Marches against domestic violence have been taking place in the Virgin Islands for 30 years on St. Croix. Women’s Coalition crisis counselor Sheelene Gumbs said the need for advocacy is as great as ever. Gumbs noted that in 2020 and 2021, when the COVID-19 health emergency kept victims and perpetrators together at home, the number of reported cases rose.

“Our numbers were really increased because of the COVID; not just our numbers. The police department put out a press release saying the numbers were up as well. We get (complaints from) the people who won’t go to the police,” Gumbs said.
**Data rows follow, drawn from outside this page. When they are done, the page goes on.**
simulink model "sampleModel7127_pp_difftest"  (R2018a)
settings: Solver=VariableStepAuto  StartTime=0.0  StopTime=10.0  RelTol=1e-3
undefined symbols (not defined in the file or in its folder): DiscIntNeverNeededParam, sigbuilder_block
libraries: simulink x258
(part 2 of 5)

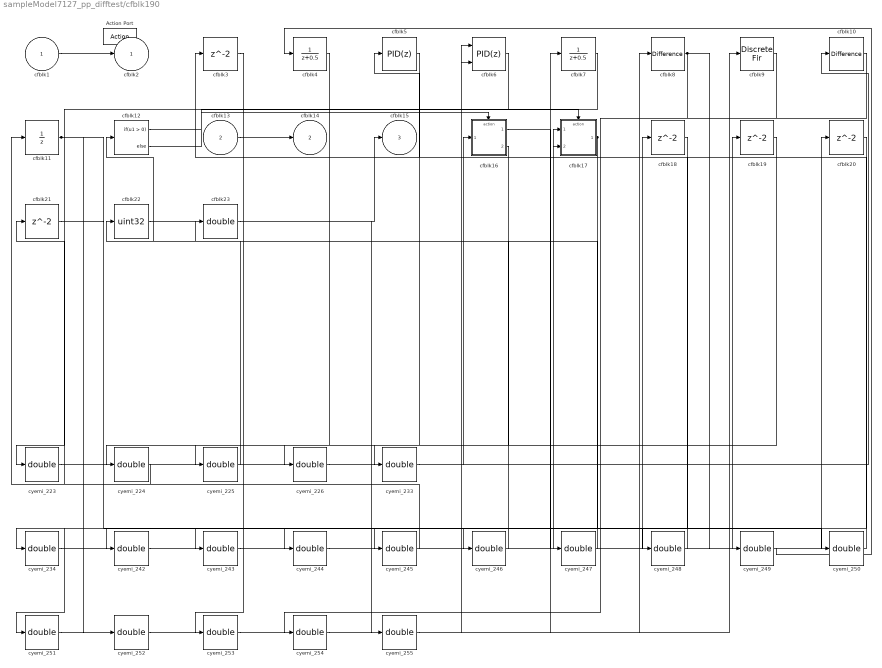
== system sampleModel7127_pp_difftest/cfblk190 ==
  cfblk1 : Inport
  cfblk13 : Inport  Port=2
  Action Port : ActionPort  ActionType=else
  cfblk10 : simulink/Discrete/Difference  ICPrevInput=0.0  OutMin=[]  OutMax=[]  OutDataTypeStr=double  OutputDataTypeScalingMode=double  OutDataType=fixdt(1, 16)  OutScaling=2^-10  DoSatur=off
  cfblk11 : UnitDelay  SampleTime=-1
  cfblk12 : If  SampleTime=1
  cfblk16 : Subsystem  TreatAsAtomicUnit=on
  cfblk17 : Subsystem  TreatAsAtomicUnit=on
  cfblk{3,18..21} (5 alike) : Delay
  cfblk22 : DataTypeConversion  OutDataTypeStr=uint32
  cfblk23 : DataTypeConversion  OutDataTypeStr=double
  cfblk4 : DiscreteTransferFcn
  cfblk5 : simulink/Continuous/PID Controller  Controller=PID  TimeDomain=Discrete-time  SampleTime=-1  IntegratorMethod=Forward Euler  FilterMethod=Forward Euler  Form=Parallel  UseFilter=on  ControllerParametersSource=internal  P=1  I=1  D=0  N=100  InitialConditionSource=internal  InitialConditionForIntegrator=0  InitialConditionForFilter=0  ExternalReset=none  LimitOutput=off  UpperSaturationLimit=inf  LowerSaturationLimit=-inf  LinearizeAsGain=off  AntiWindupMode=none  Kb=1  TrackingMode=off  Kt=1  PParamMin=[]  PParamMax=[]  IParamMin=[]  IParamMax=[]  DParamMin=[]  DParamMax=[]  NParamMin=[]  NParamMax=[]  KbParamMin=[]  KbParamMax=[]  KtParamMin=[]  KtParamMax=[]  POutMin=[]  POutMax=[]  IOutMin=[]  IOutMax=[]  DOutMin=[]  DOutMax=[]  NOutMin=[]  NOutMax=[]  KbOutMin=[]  KbOutMax=[]  KtOutMin=[]  KtOutMax=[]  IntegratorOutMin=[]  IntegratorOutMax=[]  FilterOutMin=[]  FilterOutMax=[]  SumOutMin=[]  SumOutMax=[]  SumI1OutMin=[]  SumI1OutMax=[]  SumI2OutMin=[]  SumI2OutMax=[]  SumI3OutMin=[]  SumI3OutMax=[]  SumDOutMin=[]  SumDOutMax=[]  SaturationOutMin=[]  SaturationOutMax=[]  IntegratorContinuousStateAttributes=''  IntegratorStateMustResolveToSignalObject=off  IntegratorRTWStateStorageClass=Auto  FilterContinuousStateAttributes=''  FilterStateMustResolveToSignalObject=off  FilterRTWStateStorageClass=Auto  DifferentiatorICPrevScaledInput=0  DifferentiatorOutMin=[]  DifferentiatorOutMax=[]  FilterDiffOutCoefMin=[]  FilterDiffOutCoefMax=[]  SumDenOutMin=[]  SumDenOutMax=[]  SumNumOutMin=[]  SumNumOutMax=[]  ReciprocalOutMin=[]  ReciprocalOutMax=[]  DivideOutMin=[]  DivideOutMax=[]  TunerSelectOption=Transfer Function Based (PID Tuner App)
  cfblk6 : simulink/Continuous/PID Controller (2DOF)  Controller=PID  TimeDomain=Discrete-time  SampleTime=-1  IntegratorMethod=Forward Euler  FilterMethod=Forward Euler  Form=Parallel  UseFilter=on  ControllerParametersSource=internal  P=1  I=1  D=0  N=100  b=1  c=1  InitialConditionSource=internal  InitialConditionForIntegrator=0  InitialConditionForFilter=0  ExternalReset=none  LimitOutput=off  UpperSaturationLimit=inf  LowerSaturationLimit=-inf  LinearizeAsGain=off  AntiWindupMode=none  Kb=1  TrackingMode=off  Kt=1  PParamMin=[]  PParamMax=[]  IParamMin=[]  IParamMax=[]  DParamMin=[]  DParamMax=[]  NParamMin=[]  NParamMax=[]  bParamMin=[]  bParamMax=[]  cParamMin=[]  cParamMax=[]  KbParamMin=[]  KbParamMax=[]  KtParamMin=[]  KtParamMax=[]  POutMin=[]  POutMax=[]  IOutMin=[]  IOutMax=[]  DOutMin=[]  DOutMax=[]  NOutMin=[]  NOutMax=[]  bOutMin=[]  bOutMax=[]  cOutMin=[]  cOutMax=[]  KbOutMin=[]  KbOutMax=[]  KtOutMin=[]  KtOutMax=[]  IntegratorOutMin=[]  IntegratorOutMax=[]  FilterOutMin=[]  FilterOutMax=[]  SumOutMin=[]  SumOutMax=[]  Sum1OutMin=[]  Sum1OutMax=[]  Sum2OutMin=[]  Sum2OutMax=[]  Sum3OutMin=[]  Sum3OutMax=[]  SumI1OutMin=[]  SumI1OutMax=[]  SumI2OutMin=[]  SumI2OutMax=[]  SumI3OutMin=[]  SumI3OutMax=[]  SumDOutMin=[]  SumDOutMax=[]  SaturationOutMin=[]  SaturationOutMax=[]  IntegratorContinuousStateAttributes=''  IntegratorStateMustResolveToSignalObject=off  IntegratorRTWStateStorageClass=Auto  FilterContinuousStateAttributes=''  FilterStateMustResolveToSignalObject=off  FilterRTWStateStorageClass=Auto  DifferentiatorICPrevScaledInput=0  DifferentiatorOutMin=[]  DifferentiatorOutMax=[]  FilterDiffOutCoefMin=[]  FilterDiffOutCoefMax=[]  SumDenOutMin=[]  SumDenOutMax=[]  SumNumOutMin=[]  SumNumOutMax=[]  ReciprocalOutMin=[]  ReciprocalOutMax=[]  DivideOutMin=[]  DivideOutMax=[]  TunerSelectOption=Transfer Function Based (PID Tuner App)
  cfblk7 : DiscreteTransferFcn
  cfblk8 : simulink/Discrete/Difference  ICPrevInput=0.0  OutMin=[]  OutMax=[]  OutDataTypeStr=double  OutputDataTypeScalingMode=double  OutDataType=fixdt(1, 16)  OutScaling=2^-10  DoSatur=off
  cfblk9 : DiscreteFir
  cyemi_{223..226,233..234,242..255} (20 alike) : DataTypeConversion  OutDataTypeStr=double
  cfblk2 : Outport
  cfblk14 : Outport  Port=2
  cfblk15 : Outport  Port=3
  wires:
  cfblk13/1 -> cfblk14/1
  cfblk1/1 -> cfblk2/1
  cfblk17/1(cfblk2) -> cyemi_242/1, cyemi_251/1
  cfblk8/1 -> cyemi_244/1, cyemi_249/1
  cfblk11/1 -> cyemi_245/1, cyemi_252/1
  cfblk12/1 -> cfblk16/Action
  cfblk12/2 -> cfblk17/Action
  cfblk22/1 -> cfblk15/1
  cyemi_223/1 -> cfblk10/1
  cfblk6/1 -> cyemi_223/1
  cyemi_224/1 -> cfblk11/1
  cfblk5/1 -> cyemi_224/1
  cyemi_225/1 -> cfblk12/1
  cfblk3/1 -> cyemi_225/1
  cyemi_226/1 -> cfblk16/1(cfblk1)
  cfblk19/1 -> cyemi_226/1
  cyemi_233/1 -> cfblk17/1(cfblk1)
  cfblk16/2(cfblk7) -> cyemi_233/1
  cyemi_234/1 -> cfblk17/2(cfblk9)
  cfblk20/1 -> cyemi_234/1
  cyemi_242/1 -> cfblk18/1
  cyemi_243/1 -> cfblk19/1
  cfblk7/1 -> cyemi_243/1
  cyemi_244/1 -> cfblk20/1
  cyemi_245/1 -> cfblk21/1
  cyemi_246/1 -> cfblk22/1
  cfblk9/1 -> cyemi_246/1
  cyemi_247/1 -> cfblk23/1
  cfblk16/1(cfblk2) -> cyemi_247/1
  cyemi_248/1 -> cfblk3/1
  cfblk18/1 -> cyemi_248/1
  cyemi_249/1 -> cfblk4/1
  cyemi_250/1 -> cfblk5/1
  cfblk21/1 -> cyemi_250/1
  cyemi_251/1 -> cfblk6/1
  cyemi_252/1 -> cfblk6/2
  cyemi_253/1 -> cfblk7/1
  cfblk4/1 -> cyemi_253/1
  cyemi_254/1 -> cfblk8/1
  cfblk10/1 -> cyemi_254/1
  cyemi_255/1 -> cfblk9/1
  cfblk23/1 -> cyemi_255/1

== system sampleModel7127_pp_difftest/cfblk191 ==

In a March 26, 2020, joint statement from the district police chiefs on St. Thomas and St. Croix, authorities urged families to find alternative ways to resolve conflicts. “The Virgin Islands Police Department has noticed an increase in the number of calls for service for domestic violence as Virgin Islanders stay at home, heeding Governor Albert Bryan’s orders to avoid the spread of COVID-19 in the territory,” the statement said at the time.

Stuart said she spent the height of the pandemic counseling victims who turned to the resource center for advice. “I spoke to some people who told me that it was the most difficult moment in their lives, sitting at home with their perpetrators … and I told them ‘take it as an opportunity to learn to do something else, to spend more time with your children — just try it.’

“And for some people, it worked,” she said.

As a way to offer support under the circumstances, the resource center and the coalition held virtual Take Back the Night events in those years. In 2021, Stuart said supporters assembled in one spot along Veterans Drive, holding signs reminding passersby that domestic violence still threatened peace in the home.

Thursday’s marches and rallies also give advocates another chance to put a face on those who suffer from domestic violence, and those who suffer no longer. A memorial is planned to remember those who have been killed.

A display of empty shoes is planned in Frederiksted to symbolize the losses, Gumbs said.